> _Provided entries_

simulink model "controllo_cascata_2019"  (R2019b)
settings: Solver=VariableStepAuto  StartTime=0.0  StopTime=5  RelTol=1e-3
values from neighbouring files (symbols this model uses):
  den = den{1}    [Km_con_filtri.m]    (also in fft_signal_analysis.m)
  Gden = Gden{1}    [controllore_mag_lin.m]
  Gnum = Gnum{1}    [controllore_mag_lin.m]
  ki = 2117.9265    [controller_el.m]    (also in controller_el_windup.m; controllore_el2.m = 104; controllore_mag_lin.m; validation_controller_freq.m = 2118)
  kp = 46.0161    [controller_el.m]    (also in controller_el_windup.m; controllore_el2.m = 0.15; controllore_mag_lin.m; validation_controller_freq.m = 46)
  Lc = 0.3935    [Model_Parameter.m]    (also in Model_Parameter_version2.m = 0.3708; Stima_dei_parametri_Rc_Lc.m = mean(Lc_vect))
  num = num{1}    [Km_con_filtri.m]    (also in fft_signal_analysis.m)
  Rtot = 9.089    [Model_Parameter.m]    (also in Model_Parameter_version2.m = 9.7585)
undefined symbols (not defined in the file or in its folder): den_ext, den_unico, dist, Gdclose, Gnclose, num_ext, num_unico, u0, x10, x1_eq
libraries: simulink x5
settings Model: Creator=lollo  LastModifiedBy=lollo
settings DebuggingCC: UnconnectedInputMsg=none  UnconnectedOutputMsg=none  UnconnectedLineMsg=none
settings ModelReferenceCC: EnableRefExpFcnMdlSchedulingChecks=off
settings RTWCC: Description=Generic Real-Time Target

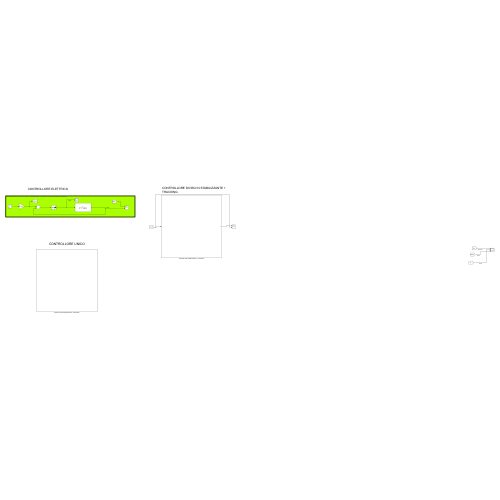
[thumbnail: Simulink's stored preview of the top-level diagram]
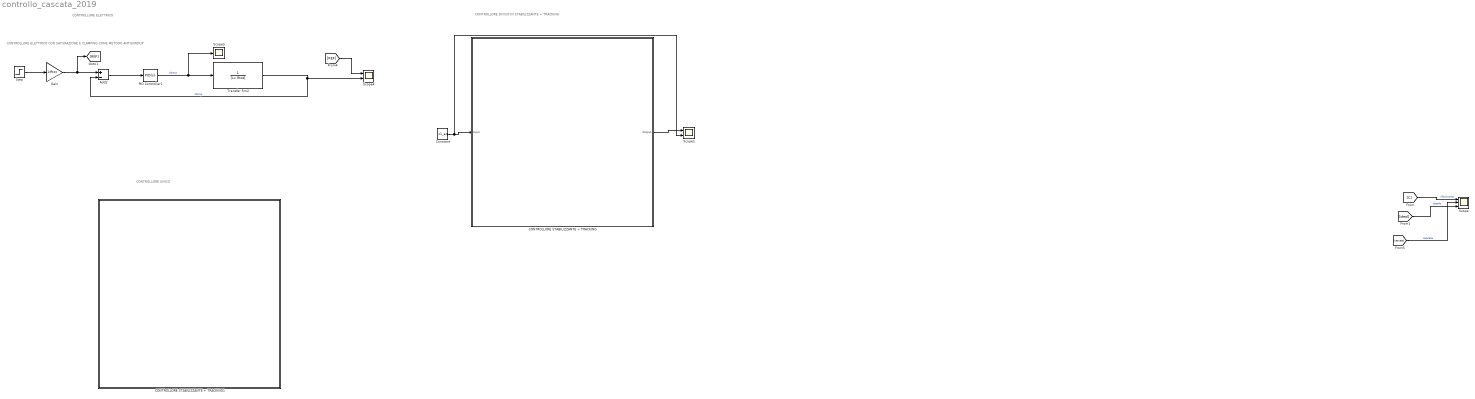
== system controllo_cascata_2019 ==
  note: CONTROLLORE UNICO
  note: CONTROLLORE ELETTRICO
  note: CONTROLLORE DIVISO IN STABILIZZANTE + TRACKING
  note: CONTROLLORE ELETTRICO CON SATURAZIONE E CLAMPING COME METODO ANTIWINDUP
  Add2 : Sum  Inputs=+-
  CONTROLLORE STABILIZZANTE + TRACKING : Subsystem
  CONTROLLORE STABILIZZANTE + TRACKING1 : Subsystem
  Constant : Constant  Value=x1_eq
  Gain : Gain  Gain=1/Rtot
  PID Controller1 : simulink/Continuous/PID Controller  Controller=PID  Form=Parallel  TimeDomain=Continuous-time  SampleTime=-1  IntegratorMethod=Forward Euler  FilterMethod=Forward Euler  ControllerParametersSource=internal  P=kp  I=ki  D=0  N=100  UseFilter=on  TunerSelectOption=Transfer Function Based (PID Tuner App)  InitialConditionSource=internal  InitialConditionForIntegrator=0  InitialConditionForFilter=0  DifferentiatorICPrevScaledInput=0  ExternalReset=none  TrackingMode=off  Kt=1  LimitOutput=on  UpperSaturationLimit=23  LowerSaturationLimit=-23  LinearizeAsGain=on  AntiWindupMode=clamping  Kb=1  POutMin=[]  POutMax=[]  IOutMin=[]  IOutMax=[]  DOutMin=[]  DOutMax=[]  NOutMin=[]  NOutMax=[]  SumOutMin=[]  SumOutMax=[]  SaturationOutMin=[]  SaturationOutMax=[]  PParamMin=[]  PParamMax=[]  IParamMin=[]  IParamMax=[]  DParamMin=[]  DParamMax=[]  NParamMin=[]  NParamMax=[]  KbParamMin=[]  KbParamMax=[]  KtParamMin=[]  KtParamMax=[]  KbOutMin=[]  KbOutMax=[]  KtOutMin=[]  KtOutMax=[]  IntegratorOutMin=[]  IntegratorOutMax=[]  FilterOutMin=[]  FilterOutMax=[]  SumI1OutMin=[]  SumI1OutMax=[]  SumI2OutMin=[]  SumI2OutMax=[]  SumI3OutMin=[]  SumI3OutMax=[]  SumI4OutMin=[]  SumI4OutMax=[]  SumDOutMin=[]  SumDOutMax=[]  DifferentiatorOutMin=[]  DifferentiatorOutMax=[]  FilterDiffOutCoefMin=[]  FilterDiffOutCoefMax=[]  ReciprocalOutMin=[]  ReciprocalOutMax=[]  SumDenOutMin=[]  SumDenOutMax=[]  SumNumOutMin=[]  SumNumOutMax=[]  DivideOutMin=[]  DivideOutMax=[]  IntegratorContinuousStateAttributes=''  IntegratorStateMustResolveToSignalObject=off  IntegratorRTWStateStorageClass=Auto  FilterContinuousStateAttributes=''  FilterStateMustResolveToSignalObject=off  FilterRTWStateStorageClass=Auto  ParallelPVariant=InternalParameters  IdealPVariant=Disabled  IVariant=InternalParameters  DVariant=InternalParameters  IntegratorVariant=Continuous  SatVariant=Enabled  AWVariant=ContClampingParallel  PCopyVariant=Disabled  TRVariant=Disabled  FdbkBlocksVariant=Forward  IdealPFdbkVariant=Disabled  SatFdbkVariant=Disabled  DerivativeFilterVariant=ContFilter  NVariant=InternalParameters  NCopyVariant=Disabled  FilterICVariant=InternalICsFilter  IntegratorICVariant=InternalICs  ExternalResetVariant=Disabled  TRSumVariant=Passthrough  SumFdbkVariant=Disabled  SumVariant=Sum_PID
  Scope : Scope  NumInputPorts=3
  Scope1 : Scope  NumInputPorts=2
  Scope4 : Scope  NumInputPorts=2
  Scope5 : Scope
  Step : Step  Time=0  After=10  SampleTime=0
  Transfer Fcn2 : TransferFcn  Denominator=[Lc Rtot]
  wires:
  Add2/1 -> PID Controller1/1
  PID Controller1/1 -> Scope5/1, Transfer Fcn2/1  "clamp"
  Transfer Fcn2/1 -> Scope4/2, Add2/2  "clamp"
  Step/1 -> Gain/1
  [REF] -> Scope4/1
  [C] -> Scope/1  "riferimenti"
  [ideal] -> Scope/3  "ideale"
  [cascata] -> Scope/2  "cascata"
  Gain/1 -> [REF], Add2/1
  Constant/1 -> Scope1/2, CONTROLLORE STABILIZZANTE + TRACKING/1(Input)
  CONTROLLORE STABILIZZANTE + TRACKING/1(Output) -> Scope1/1

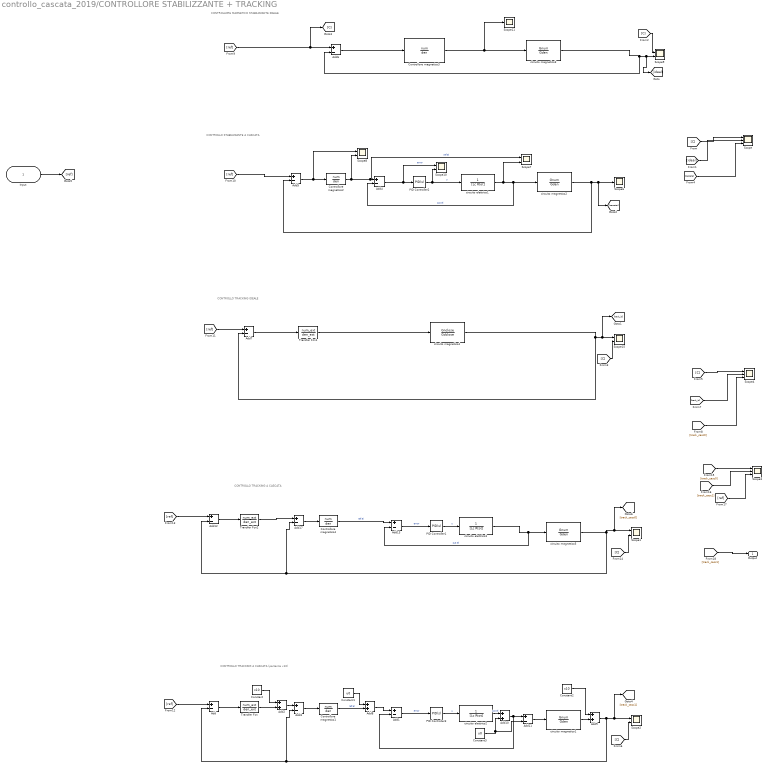
== system controllo_cascata_2019/CONTROLLORE STABILIZZANTE + TRACKING ==
  note: CONTROLLO STABILIZZANTE A CASCATA
  note: CONTROLLORE MAGNETICO STABILIZZANTE IDEALE
  note: CONTROLLO TRACKING A CASCATA (partenza x10)
  note: CONTROLLO TRACKING IDEALE
  note: CONTROLLO TRACKING A CASCATA
  Input : Inport
  Add{,1,3..7,11..13,17} (11 alike) : Sum  Inputs=+-
  Add{2,8..10} (4 alike) : Sum
  Constant : Constant  Value=x10
  Constant1 : Constant  Value=u0
  Constant2 : Constant  Value=x10
  Constant3 : Constant  Value=u0
  Controllore magnetico{1..4} (4 alike) : TransferFcn  Numerator=num  Denominator=den
  PID Controller1 : simulink/Continuous/PID Controller  Controller=PID  Form=Parallel  TimeDomain=Continuous-time  SampleTime=-1  IntegratorMethod=Forward Euler  FilterMethod=Forward Euler  ControllerParametersSource=internal  P=kp  I=ki  D=0  N=100  UseFilter=on  TunerSelectOption=Transfer Function Based (PID Tuner App)  InitialConditionSource=internal  InitialConditionForIntegrator=0  InitialConditionForFilter=0  DifferentiatorICPrevScaledInput=0  ExternalReset=none  TrackingMode=off  Kt=1  LimitOutput=on  UpperSaturationLimit=23  LowerSaturationLimit=-23  LinearizeAsGain=on  AntiWindupMode=clamping  Kb=1  POutMin=[]  POutMax=[]  IOutMin=[]  IOutMax=[]  DOutMin=[]  DOutMax=[]  NOutMin=[]  NOutMax=[]  SumOutMin=[]  SumOutMax=[]  SaturationOutMin=[]  SaturationOutMax=[]  PParamMin=[]  PParamMax=[]  IParamMin=[]  IParamMax=[]  DParamMin=[]  DParamMax=[]  NParamMin=[]  NParamMax=[]  KbParamMin=[]  KbParamMax=[]  KtParamMin=[]  KtParamMax=[]  KbOutMin=[]  KbOutMax=[]  KtOutMin=[]  KtOutMax=[]  IntegratorOutMin=[]  IntegratorOutMax=[]  FilterOutMin=[]  FilterOutMax=[]  SumI1OutMin=[]  SumI1OutMax=[]  SumI2OutMin=[]  SumI2OutMax=[]  SumI3OutMin=[]  SumI3OutMax=[]  SumI4OutMin=[]  SumI4OutMax=[]  SumDOutMin=[]  SumDOutMax=[]  DifferentiatorOutMin=[]  DifferentiatorOutMax=[]  FilterDiffOutCoefMin=[]  FilterDiffOutCoefMax=[]  ReciprocalOutMin=[]  ReciprocalOutMax=[]  SumDenOutMin=[]  SumDenOutMax=[]  SumNumOutMin=[]  SumNumOutMax=[]  DivideOutMin=[]  DivideOutMax=[]  IntegratorContinuousStateAttributes=''  IntegratorStateMustResolveToSignalObject=off  IntegratorRTWStateStorageClass=Auto  FilterContinuousStateAttributes=''  FilterStateMustResolveToSignalObject=off  FilterRTWStateStorageClass=Auto  ParallelPVariant=InternalParameters  IdealPVariant=Disabled  IVariant=InternalParameters  DVariant=InternalParameters  IntegratorVariant=Continuous  SatVariant=Enabled  AWVariant=ContClampingParallel  PCopyVariant=Disabled  TRVariant=Disabled  FdbkBlocksVariant=Forward  IdealPFdbkVariant=Disabled  SatFdbkVariant=Disabled  DerivativeFilterVariant=ContFilter  NVariant=InternalParameters  NCopyVariant=Disabled  FilterICVariant=InternalICsFilter  IntegratorICVariant=InternalICs  ExternalResetVariant=Disabled  TRSumVariant=Passthrough  SumFdbkVariant=Disabled  SumVariant=Sum_PID
  PID Controller2 : simulink/Continuous/PID Controller  Controller=PID  Form=Parallel  TimeDomain=Continuous-time  SampleTime=-1  IntegratorMethod=Forward Euler  FilterMethod=Forward Euler  ControllerParametersSource=internal  P=kp  I=ki  D=0  N=100  UseFilter=on  TunerSelectOption=Transfer Function Based (PID Tuner App)  InitialConditionSource=internal  InitialConditionForIntegrator=0  InitialConditionForFilter=0  DifferentiatorICPrevScaledInput=0  ExternalReset=none  TrackingMode=off  Kt=1  LimitOutput=on  UpperSaturationLimit=23  LowerSaturationLimit=-23  LinearizeAsGain=on  AntiWindupMode=clamping  Kb=1  POutMin=[]  POutMax=[]  IOutMin=[]  IOutMax=[]  DOutMin=[]  DOutMax=[]  NOutMin=[]  NOutMax=[]  SumOutMin=[]  SumOutMax=[]  SaturationOutMin=[]  SaturationOutMax=[]  PParamMin=[]  PParamMax=[]  IParamMin=[]  IParamMax=[]  DParamMin=[]  DParamMax=[]  NParamMin=[]  NParamMax=[]  KbParamMin=[]  KbParamMax=[]  KtParamMin=[]  KtParamMax=[]  KbOutMin=[]  KbOutMax=[]  KtOutMin=[]  KtOutMax=[]  IntegratorOutMin=[]  IntegratorOutMax=[]  FilterOutMin=[]  FilterOutMax=[]  SumI1OutMin=[]  SumI1OutMax=[]  SumI2OutMin=[]  SumI2OutMax=[]  SumI3OutMin=[]  SumI3OutMax=[]  SumI4OutMin=[]  SumI4OutMax=[]  SumDOutMin=[]  SumDOutMax=[]  DifferentiatorOutMin=[]  DifferentiatorOutMax=[]  FilterDiffOutCoefMin=[]  FilterDiffOutCoefMax=[]  ReciprocalOutMin=[]  ReciprocalOutMax=[]  SumDenOutMin=[]  SumDenOutMax=[]  SumNumOutMin=[]  SumNumOutMax=[]  DivideOutMin=[]  DivideOutMax=[]  IntegratorContinuousStateAttributes=''  IntegratorStateMustResolveToSignalObject=off  IntegratorRTWStateStorageClass=Auto  FilterContinuousStateAttributes=''  FilterStateMustResolveToSignalObject=off  FilterRTWStateStorageClass=Auto  ParallelPVariant=InternalParameters  IdealPVariant=Disabled  IVariant=InternalParameters  DVariant=InternalParameters  IntegratorVariant=Continuous  SatVariant=Enabled  AWVariant=ContClampingParallel  PCopyVariant=Disabled  TRVariant=Disabled  FdbkBlocksVariant=Forward  IdealPFdbkVariant=Disabled  SatFdbkVariant=Disabled  DerivativeFilterVariant=ContFilter  NVariant=InternalParameters  NCopyVariant=Disabled  FilterICVariant=InternalICsFilter  IntegratorICVariant=InternalICs  ExternalResetVariant=Disabled  TRSumVariant=Passthrough  SumFdbkVariant=Disabled  SumVariant=Sum_PID
  PID Controller3 : simulink/Continuous/PID Controller  Controller=PID  Form=Parallel  TimeDomain=Continuous-time  SampleTime=-1  IntegratorMethod=Forward Euler  FilterMethod=Forward Euler  ControllerParametersSource=internal  P=kp  I=ki  D=0  N=100  UseFilter=on  TunerSelectOption=Transfer Function Based (PID Tuner App)  InitialConditionSource=internal  InitialConditionForIntegrator=0  InitialConditionForFilter=0  DifferentiatorICPrevScaledInput=0  ExternalReset=none  TrackingMode=off  Kt=1  LimitOutput=on  UpperSaturationLimit=23  LowerSaturationLimit=-23  LinearizeAsGain=on  AntiWindupMode=clamping  Kb=1  POutMin=[]  POutMax=[]  IOutMin=[]  IOutMax=[]  DOutMin=[]  DOutMax=[]  NOutMin=[]  NOutMax=[]  SumOutMin=[]  SumOutMax=[]  SaturationOutMin=[]  SaturationOutMax=[]  PParamMin=[]  PParamMax=[]  IParamMin=[]  IParamMax=[]  DParamMin=[]  DParamMax=[]  NParamMin=[]  NParamMax=[]  KbParamMin=[]  KbParamMax=[]  KtParamMin=[]  KtParamMax=[]  KbOutMin=[]  KbOutMax=[]  KtOutMin=[]  KtOutMax=[]  IntegratorOutMin=[]  IntegratorOutMax=[]  FilterOutMin=[]  FilterOutMax=[]  SumI1OutMin=[]  SumI1OutMax=[]  SumI2OutMin=[]  SumI2OutMax=[]  SumI3OutMin=[]  SumI3OutMax=[]  SumI4OutMin=[]  SumI4OutMax=[]  SumDOutMin=[]  SumDOutMax=[]  DifferentiatorOutMin=[]  DifferentiatorOutMax=[]  FilterDiffOutCoefMin=[]  FilterDiffOutCoefMax=[]  ReciprocalOutMin=[]  ReciprocalOutMax=[]  SumDenOutMin=[]  SumDenOutMax=[]  SumNumOutMin=[]  SumNumOutMax=[]  DivideOutMin=[]  DivideOutMax=[]  IntegratorContinuousStateAttributes=''  IntegratorStateMustResolveToSignalObject=off  IntegratorRTWStateStorageClass=Auto  FilterContinuousStateAttributes=''  FilterStateMustResolveToSignalObject=off  FilterRTWStateStorageClass=Auto  ParallelPVariant=InternalParameters  IdealPVariant=Disabled  IVariant=InternalParameters  DVariant=InternalParameters  IntegratorVariant=Continuous  SatVariant=Enabled  AWVariant=ContClampingParallel  PCopyVariant=Disabled  TRVariant=Disabled  FdbkBlocksVariant=Forward  IdealPFdbkVariant=Disabled  SatFdbkVariant=Disabled  DerivativeFilterVariant=ContFilter  NVariant=InternalParameters  NCopyVariant=Disabled  FilterICVariant=InternalICsFilter  IntegratorICVariant=InternalICs  ExternalResetVariant=Disabled  TRSumVariant=Passthrough  SumFdbkVariant=Disabled  SumVariant=Sum_PID
  Scope : Scope  NumInputPorts=3
  Scope{1..2,7..10,15} (7 alike) : Scope  NumInputPorts=2
  Scope11 : Scope
  Scope3 : Scope  NumInputPorts=3
  Scope4 : Scope  NumInputPorts=3
  Scope6 : Scope
  Transfer Fcn : TransferFcn  Numerator=num_ext  Denominator=den_ext
  Transfer Fcn1 : TransferFcn  Numerator=num_ext  Denominator=den_ext
  Transfer Fcn2 : TransferFcn  Numerator=num_ext  Denominator=den_ext
  circuito elettrico1 : TransferFcn  Denominator=[Lc Rtot]
  circuito elettrico2 : TransferFcn  Denominator=[Lc Rtot]
  circuito elettrico3 : TransferFcn  Denominator=[Lc Rtot]
  circuito magnetico{1..3,5} (4 alike) : TransferFcn  Numerator=Gnum  Denominator=Gden
  circuito magnetico4 : TransferFcn  Numerator=Gnclose  Denominator=Gdclose
  Output : Outport
  wires:
  circuito magnetico2/1 -> Add5/2, [cascata], Scope6/1
  circuito elettrico1/1 -> Scope7/2, Add4/2, circuito magnetico2/1  "out el"
  Add4/1 -> Scope10/1, PID Controller2/1  "error"
  Controllore magnetico2/1 -> Scope8/2, Scope7/1, Add4/1  "ref el"
  PID Controller3/1 -> circuito elettrico2/1  "u"
  [ref] -> Add/1
  Add5/1 -> Scope8/1, Controllore magnetico2/1
  Transfer Fcn1/1 -> circuito magnetico4/1
  Add3/1 -> Controllore magnetico1/1
  Add/1 -> Transfer Fcn/1
  [ref] -> Add5/1
  circuito magnetico4/1 -> Add7/2, [track_id], Scope15/1
  PID Controller2/1 -> Scope10/2, circuito elettrico1/1  "u"
  Add6/1 -> Controllore magnetico3/1
  [ref] -> [C], Add6/1
  circuito magnetico3/1 -> Add6/2, [ideal], Scope9/2
  Controllore magnetico3/1 -> Scope11/1, circuito magnetico3/1
  Add1/1 -> PID Controller3/1  "error"
  [C] -> Scope9/1
  [ref] -> Add7/1
  [C] -> Scope15/2
  Add7/1 -> Transfer Fcn1/1
  [C] -> Scope2/2
  [C] -> Scope/1
  [ideal] -> Scope/2
  [cascata] -> Scope/3
  [C] -> Scope4/1
  [track_id] -> Scope4/2
  [track_casc0] -> Scope4/3
  Input/1 -> [ref]
  Transfer Fcn/1 -> Add2/2
  Add2/1 -> Add3/1
  Constant/1 -> Add2/1
  Add8/1 -> Add1/1
  Controllore magnetico1/1 -> Add8/2  "ref el"
  Constant1/1 -> Add8/1
  Add9/1 -> [track_casc1], Scope2/1, Add3/2, Add/2
  circuito magnetico1/1 -> Add9/2
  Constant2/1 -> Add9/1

> _Requirement_
Please reproduce the lines from the line with "Add6/1 -> Controllore magnetico3/1" to the line with "Add7/1 -> Transfer Fcn1/1", both ends included, exactly as they appear above.

> _Your solution_
  Add6/1 -> Controllore magnetico3/1
  [ref] -> [C], Add6/1
  circuito magnetico3/1 -> Add6/2, [ideal], Scope9/2
  Controllore magnetico3/1 -> Scope11/1, circuito magnetico3/1
  Add1/1 -> PID Controller3/1  "error"
  [C] -> Scope9/1
  [ref] -> Add7/1
  [C] -> Scope15/2
  Add7/1 -> Transfer Fcn1/1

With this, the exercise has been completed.